Is there some specific rule as to when we should go for instanceCount > 1? Would that negatively impact performance if I draw just a couple of meshes as instanced? (they’re regular “game” meshes, a couple of thousands of tris).

[QUOTE=Dark Photon;1293383]No. There are two main types of GPU geometry instancing:

[ol]
[li]Instanced Draw Calls (glDrawInstanced + indirect versions of those)[/li][li]Instanced Arrays (uses vertex attribute divisors).[/li][/ol]
baseInstance is for the former, not the latter.[/quote]

That’s backwards; baseInstance works with the latter, not the former. Though with shader draw parameters/GL 4.6, you get access to gl_BaseInstance, which lets you use it with regular instancing.

Also, instance arrays are invoked through instanced draw calls, so it’s not exactly an either-or situation.

Thanks for the correction! Wow – Digging back, I haven’t yet figured out where I got the misinformation that vertex divisors could be used with non-instanced draw calls.

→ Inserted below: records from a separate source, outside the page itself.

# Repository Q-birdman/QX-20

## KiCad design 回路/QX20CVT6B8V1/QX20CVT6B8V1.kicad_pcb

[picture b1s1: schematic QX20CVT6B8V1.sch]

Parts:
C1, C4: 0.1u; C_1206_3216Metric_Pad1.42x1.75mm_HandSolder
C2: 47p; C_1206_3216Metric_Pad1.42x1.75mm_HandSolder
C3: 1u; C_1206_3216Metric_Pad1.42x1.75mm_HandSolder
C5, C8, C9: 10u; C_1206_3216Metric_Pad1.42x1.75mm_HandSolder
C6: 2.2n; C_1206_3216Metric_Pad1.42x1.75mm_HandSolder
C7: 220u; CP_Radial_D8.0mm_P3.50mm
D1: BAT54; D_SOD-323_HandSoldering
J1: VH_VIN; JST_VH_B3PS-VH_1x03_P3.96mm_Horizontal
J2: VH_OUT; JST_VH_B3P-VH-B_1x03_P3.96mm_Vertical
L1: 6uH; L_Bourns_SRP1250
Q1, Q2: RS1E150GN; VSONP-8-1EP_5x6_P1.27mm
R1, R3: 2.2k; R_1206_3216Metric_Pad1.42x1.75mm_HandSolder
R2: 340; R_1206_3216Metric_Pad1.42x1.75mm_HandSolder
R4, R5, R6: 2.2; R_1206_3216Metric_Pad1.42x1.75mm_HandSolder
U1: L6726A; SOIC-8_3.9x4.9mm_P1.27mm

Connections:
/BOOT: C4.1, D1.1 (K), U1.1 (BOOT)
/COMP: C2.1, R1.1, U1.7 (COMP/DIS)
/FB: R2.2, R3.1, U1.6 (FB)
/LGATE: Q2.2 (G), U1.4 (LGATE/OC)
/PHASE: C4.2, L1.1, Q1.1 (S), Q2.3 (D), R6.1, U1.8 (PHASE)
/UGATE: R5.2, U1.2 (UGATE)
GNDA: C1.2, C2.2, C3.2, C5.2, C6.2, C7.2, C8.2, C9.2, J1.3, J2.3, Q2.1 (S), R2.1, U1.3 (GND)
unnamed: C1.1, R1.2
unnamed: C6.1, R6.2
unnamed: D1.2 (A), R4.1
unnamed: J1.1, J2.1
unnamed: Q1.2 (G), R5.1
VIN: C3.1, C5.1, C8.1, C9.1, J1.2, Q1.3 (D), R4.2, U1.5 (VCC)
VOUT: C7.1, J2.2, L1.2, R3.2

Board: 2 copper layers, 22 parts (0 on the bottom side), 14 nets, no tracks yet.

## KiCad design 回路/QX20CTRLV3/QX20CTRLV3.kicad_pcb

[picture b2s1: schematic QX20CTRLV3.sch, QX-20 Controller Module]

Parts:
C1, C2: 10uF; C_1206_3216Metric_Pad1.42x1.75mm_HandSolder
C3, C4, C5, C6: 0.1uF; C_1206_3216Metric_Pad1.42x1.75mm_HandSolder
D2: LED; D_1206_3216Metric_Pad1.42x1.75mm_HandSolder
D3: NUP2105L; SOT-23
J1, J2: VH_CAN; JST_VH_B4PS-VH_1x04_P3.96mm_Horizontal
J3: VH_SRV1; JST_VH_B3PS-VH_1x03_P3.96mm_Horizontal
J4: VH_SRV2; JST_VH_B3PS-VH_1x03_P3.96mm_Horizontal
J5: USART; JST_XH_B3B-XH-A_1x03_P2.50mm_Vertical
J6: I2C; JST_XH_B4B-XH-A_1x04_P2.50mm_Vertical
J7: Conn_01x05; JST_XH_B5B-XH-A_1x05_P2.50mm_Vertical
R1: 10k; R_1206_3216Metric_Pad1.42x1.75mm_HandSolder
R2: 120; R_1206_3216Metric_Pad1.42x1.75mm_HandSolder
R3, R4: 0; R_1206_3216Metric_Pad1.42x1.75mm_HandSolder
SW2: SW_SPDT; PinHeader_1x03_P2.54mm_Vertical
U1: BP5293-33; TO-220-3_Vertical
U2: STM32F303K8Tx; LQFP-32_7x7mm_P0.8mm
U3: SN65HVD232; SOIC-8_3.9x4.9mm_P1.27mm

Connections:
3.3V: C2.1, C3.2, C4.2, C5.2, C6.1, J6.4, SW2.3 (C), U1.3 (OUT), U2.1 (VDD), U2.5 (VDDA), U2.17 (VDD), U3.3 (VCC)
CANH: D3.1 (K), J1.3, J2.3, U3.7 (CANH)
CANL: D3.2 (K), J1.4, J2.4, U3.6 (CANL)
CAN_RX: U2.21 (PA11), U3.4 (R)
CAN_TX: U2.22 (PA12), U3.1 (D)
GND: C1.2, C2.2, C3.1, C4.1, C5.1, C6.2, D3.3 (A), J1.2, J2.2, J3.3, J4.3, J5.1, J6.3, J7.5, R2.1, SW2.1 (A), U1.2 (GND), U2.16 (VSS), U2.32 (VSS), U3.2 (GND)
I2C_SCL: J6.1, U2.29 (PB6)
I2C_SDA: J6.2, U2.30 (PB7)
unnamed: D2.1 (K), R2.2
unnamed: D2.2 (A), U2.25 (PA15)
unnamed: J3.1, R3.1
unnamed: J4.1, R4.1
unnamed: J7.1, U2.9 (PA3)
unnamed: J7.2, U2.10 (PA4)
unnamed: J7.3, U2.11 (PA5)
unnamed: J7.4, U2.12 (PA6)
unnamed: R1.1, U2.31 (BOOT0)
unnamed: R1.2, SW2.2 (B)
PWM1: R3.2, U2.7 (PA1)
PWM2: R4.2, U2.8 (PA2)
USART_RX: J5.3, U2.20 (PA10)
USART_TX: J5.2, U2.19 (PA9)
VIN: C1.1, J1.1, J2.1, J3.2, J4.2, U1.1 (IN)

After re-reading things, I think this corrects my mis-information above:

[HR][/HR]
GPU geometry instancing makes use of Instanced Draw Calls (glDrawInstanced + indirect versions of those which set “instanceCount”). With these, there are two main ways to obtain per-instance data in the shader:

[ol]
[li]By using Instanced Arrays (i.e. non-zero vertex attribute divisors) to “push” per-instance data into the shader via vertex attributes, or [/li][li]By using gl_InstanceID to “pull” per-instance data into the shader via shader lookups. [/li][/ol]
The former always makes use of “baseInstance” to perform the per-instance attribute indexing, where as the latter may or may not make use of it (via optional reference to “gl_BaseInstance” in the shader).

In cases where “baseInstance” is not used for per-instance data addressing, it may be used for other purposes.

In 3.1 and 3.2, only the latter option was available. glDrawArraysInstanced() and glDrawElementsInstanced() were added in 3.1 but glVertexAttribDivisor() wasn’t added until 3.3.

Instanced rendering with divisors effectively forms a Cartesian product of the two sets of attributes, allowing you to generate M*N vertices with only O(M+N) data. The “base” versions of the function calls allow you to specify a start index for one or both sets of data (the end index can always be set via the count and/or primcount parameters).

Is there a chance someone could address my last question - does it matter in terms of performance if I instance everything that’s drawn more than once? Indirect drawing gives us interesting opportunity here, because with properly sorted geometry, if we batch draws that share shader/vertex buffers etc. we’re just looking at how many unique meshes we deal with. If I have several meshes A, and several meshes B - would that make sense to instead of putting each one as separate draw entry in indirect buffer, to just bump instanceCount of a specific draw (so there would be one draw entry per unique mesh, with N instances). I heard a lot of contradicting theories regarding instancing but it was in “ye old days” and instancing with indirect draws seem a bit different. I mean, it’s basically given - we fetch per-mesh data from SSBO or similar, we do not change textures (bindless handles), so all remains is just compacting all draws into a single unique entry with instances, right?

Unless there is something that makes it non-performant with smaller numbers like 1-10? 10-50? up to 100?

Assuming instancing is appropriate to your use case (ie: you aren’t trying to access different texture objects from different instances in the same draw call), I don’t see that it would matter terribly much. If instancing isn’t an obvious idea for you (that is, you’re not rendering hundreds of the same mesh), I highly doubt that packaging 4 draws into the same draw call is going to give you all that much of a performance boost relative to having 4 separate draws in the indirect call.

Basically, by using multi-draw indirect and reducing state changes as you have done, all of the low-hanging fruit has been picked. When it comes to performance, there are probably more substantive things you can be looking towards.